Del mulino dei Calabresi si sono praticamente perse le tracce negli anni trenta del Novecento, mentre gli altri due mantengono ancora alcuni segni architettonici che rimandano alla tipologia sopra descritta (in quello di Falcigiano, al momento in fase di ristrutturazione, si vede persino una vecchia macina appoggiata nel muro esterno dell’edificio); entrambi i mulini cessarono la loro attività tra gli anni ‘60 e ‘70 (quello di via del Tevere per un periodo lavorò usando l’elettricità anziché la forza motrice dell’acqua).

Per quanto riguarda la reglia, invece, c’è innanzitutto da dire che il suo tragitto cambiò significativamente nel corso dei secoli: originariamente, come dimostra la Pianta del fiume Tevere da Anghiari al Borgo a S. Sepolcro del 1625, questa si diramava dal fiume in prossimità di Falcigiano, quindi più a valle rispetto a quella di Anghiari.

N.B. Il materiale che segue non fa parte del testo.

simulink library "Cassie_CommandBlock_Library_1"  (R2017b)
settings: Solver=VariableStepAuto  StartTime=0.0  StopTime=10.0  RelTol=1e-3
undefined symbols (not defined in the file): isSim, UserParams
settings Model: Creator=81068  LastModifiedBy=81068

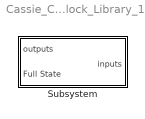
== system Cassie_CommandBlock_Library_1 ==
  Subsystem : Subsystem

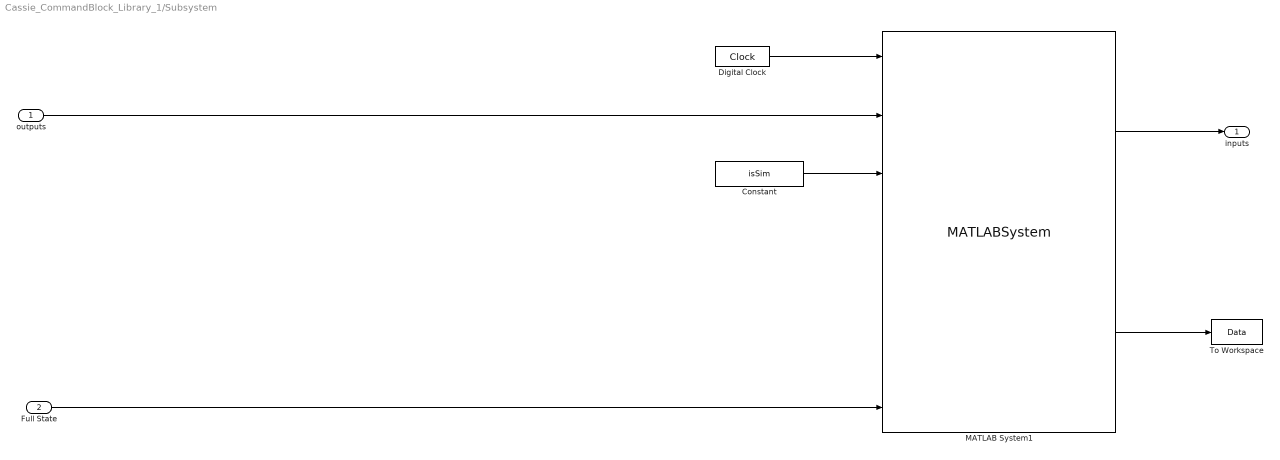
== system Cassie_CommandBlock_Library_1/Subsystem ==
  outputs : Inport  OutDataTypeStr=Bus: CassieOutBus
  Full State : Inport  Port=2
  Constant : Constant  Value=isSim  OutDataTypeStr=int8  LockScale=on
  Digital Clock : DigitalClock  SampleTime=UserParams.SampleTime
  MATLAB System1 : MATLABSystem  System=Cassie_Controller_1  SimulateUsing=Code generation
      mask Type: Cassie_Controller_1
      mask Display:
      | disp('Cassie_Controller_1');
      | port_label('output',1,'userInputs');
      | port_label('output',2,'Data');
  To Workspace : ToWorkspace  VariableName=Data  SaveFormat=Timeseries  SampleTime=-1
  "inputs " : Outport
  wires:
  outputs/1 -> MATLAB System1/2
  MATLAB System1/1 -> "inputs "/1
  MATLAB System1/2 -> To Workspace/1
  Digital Clock/1 -> MATLAB System1/1
  Constant/1 -> MATLAB System1/3
  Full State/1 -> MATLAB System1/7

Pianta del fiume Tevere da Anghiari al Borgo a S. Sepolcro. Archivio di Stato di Firenze, reperita dalla sezione di cartografia storica della Regione Toscana.
Pianta del fiume Tevere da Anghiari al Borgo a S. Sepolcro. Archivio di Stato di Firenze, reperita dalla sezione di cartografia storica della Regione Toscana.

Ciò però andava a provocare nei borghesi un malcontento piuttosto ricorrente in quanto il canale anghiarese, originandosi più a monte, poteva, soprattutto nei mesi estivi, deviare una parte consistente dell’acqua del Tevere, riducendone significativamente la portata e lasciando quasi asciutta la reglia di Sansepolcro. Ciò fu causa di numerose discussioni fra le comunità di Anghiari e quella di Sansepolcro. La diatriba, almeno formalmente, si concluse solo nel 1786 quando, dopo il sopralluogo dell'ingegnere Ferdinando Morozzi (di cui resta la documentazione cartografica del 1782), venne deciso che la reglia dei mulini di Sansepolcro dovesse essere allungata fino ad incontrare quella di Anghiari nei pressi di Gorgabuia: da qui, con un’opportuna regolazione, le acque del Tevere cominciarono ad alimentare sia la reglia di Anghiari che quella di Sansepolcro. Rimane comunque da segnalare che nonostante questo provvedimento le liti tra le due comunità non cessarono mai completamente.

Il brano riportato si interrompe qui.